▶ **Exercise goal**: Would you please copy the part of the material below that opens with the line containing "#19924 = CARTESIAN_POINT" and closes with the line containing "#26687 = EDGE_CURVE"? Copy it exactly, and only it.

▶ **Material supplied**:
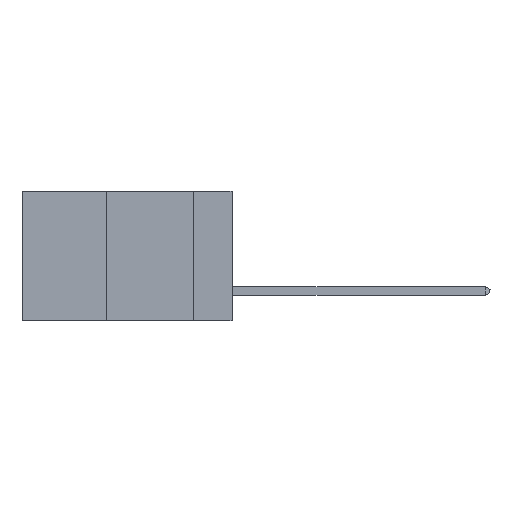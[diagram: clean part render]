
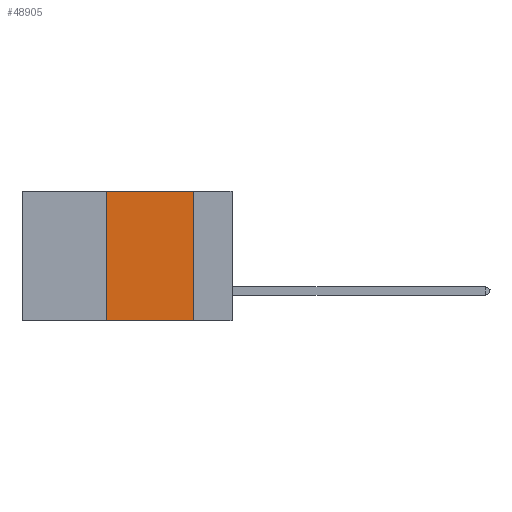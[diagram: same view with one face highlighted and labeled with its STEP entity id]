
A CAD part, left-side view. The second image highlights one B-rep face of the part: STEP entity #48905.
In plain terms, the highlighted planar face has unit normal (-1, 0, 0).
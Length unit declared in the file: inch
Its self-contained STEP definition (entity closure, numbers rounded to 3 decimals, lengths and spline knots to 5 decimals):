
#398 = DIRECTION ( 'NONE',  ( 0., -1., 0. ) ) ;
#633 = DIRECTION ( 'NONE',  ( 0., 0., -1. ) ) ;
#1690 = VERTEX_POINT ( 'NONE', #34317 ) ;
#3945 = CARTESIAN_POINT ( 'NONE',  ( 0., 0.11, -0.37 ) ) ;
#4154 = EDGE_LOOP ( 'NONE', ( #42866, #14489, #7946, #47758 ) ) ;
#4802 = EDGE_CURVE ( 'NONE', #1690, #39631, #9630, .T. ) ;
#7218 = VECTOR ( 'NONE', #398, 39.37008 ) ;
#7946 = ORIENTED_EDGE ( 'NONE', *, *, #25873, .F. ) ;
#9630 = LINE ( 'NONE', #43506, #49095 ) ;
#11961 = DIRECTION ( 'NONE',  ( 0., -1., 0. ) ) ;
#12104 = VERTEX_POINT ( 'NONE', #35540 ) ;
#13451 = LINE ( 'NONE', #44599, #32952 ) ;
#14489 = ORIENTED_EDGE ( 'NONE', *, *, #26687, .F. ) ;
#14938 = EDGE_CURVE ( 'NONE', #12104, #39631, #13451, .T. ) ;
#15627 = AXIS2_PLACEMENT_3D ( 'NONE', #19924, #16499, #633 ) ;
#16172 = PLANE ( 'NONE',  #15627 ) ;
#16499 = DIRECTION ( 'NONE',  ( 1., 0., 0. ) ) ;
#19861 = LINE ( 'NONE', #27361, #7218 ) ;
#19924 = CARTESIAN_POINT ( 'NONE',  ( 0., 0.6, 0. ) ) ;
#25002 = CARTESIAN_POINT ( 'NONE',  ( 0., 0.36, 0. ) ) ;
#25873 = EDGE_CURVE ( 'NONE', #1690, #39556, #31507, .T. ) ;
#26384 = DIRECTION ( 'NONE',  ( 0., 0., 1. ) ) ;
#26687 = EDGE_CURVE ( 'NONE', #39556, #12104, #19861, .T. ) ;
#27361 = CARTESIAN_POINT ( 'NONE',  ( 0., 0.6, 0. ) ) ;
#27795 = FACE_OUTER_BOUND ( 'NONE', #4154, .T. ) ;
#29034 = VECTOR ( 'NONE', #26384, 39.37008 ) ;
#31507 = LINE ( 'NONE', #25002, #29034 ) ;
#32952 = VECTOR ( 'NONE', #41228, 39.37008 ) ;
#34014 = CARTESIAN_POINT ( 'NONE',  ( 0., 0.36, 0. ) ) ;
#34317 = CARTESIAN_POINT ( 'NONE',  ( 0., 0.36, -0.37 ) ) ;
#35540 = CARTESIAN_POINT ( 'NONE',  ( 0., 0.11, 0. ) ) ;
#39556 = VERTEX_POINT ( 'NONE', #34014 ) ;
#39631 = VERTEX_POINT ( 'NONE', #3945 ) ;
#41228 = DIRECTION ( 'NONE',  ( 0., 0., -1. ) ) ;
#42866 = ORIENTED_EDGE ( 'NONE', *, *, #14938, .F. ) ;
#43506 = CARTESIAN_POINT ( 'NONE',  ( 0., 0.6, -0.37 ) ) ;
#44599 = CARTESIAN_POINT ( 'NONE',  ( 0., 0.11, 0. ) ) ;
#47758 = ORIENTED_EDGE ( 'NONE', *, *, #4802, .T. ) ;
#48905 = ADVANCED_FACE ( 'NONE', ( #27795 ), #16172, .F. ) ;
#49095 = VECTOR ( 'NONE', #11961, 39.37008 ) ;

▶ **Result of the exercise**:
#19924 = CARTESIAN_POINT ( 'NONE',  ( 0., 0.6, 0. ) ) ;
#25002 = CARTESIAN_POINT ( 'NONE',  ( 0., 0.36, 0. ) ) ;
#25873 = EDGE_CURVE ( 'NONE', #1690, #39556, #31507, .T. ) ;
#26384 = DIRECTION ( 'NONE',  ( 0., 0., 1. ) ) ;
#26687 = EDGE_CURVE ( 'NONE', #39556, #12104, #19861, .T. ) ;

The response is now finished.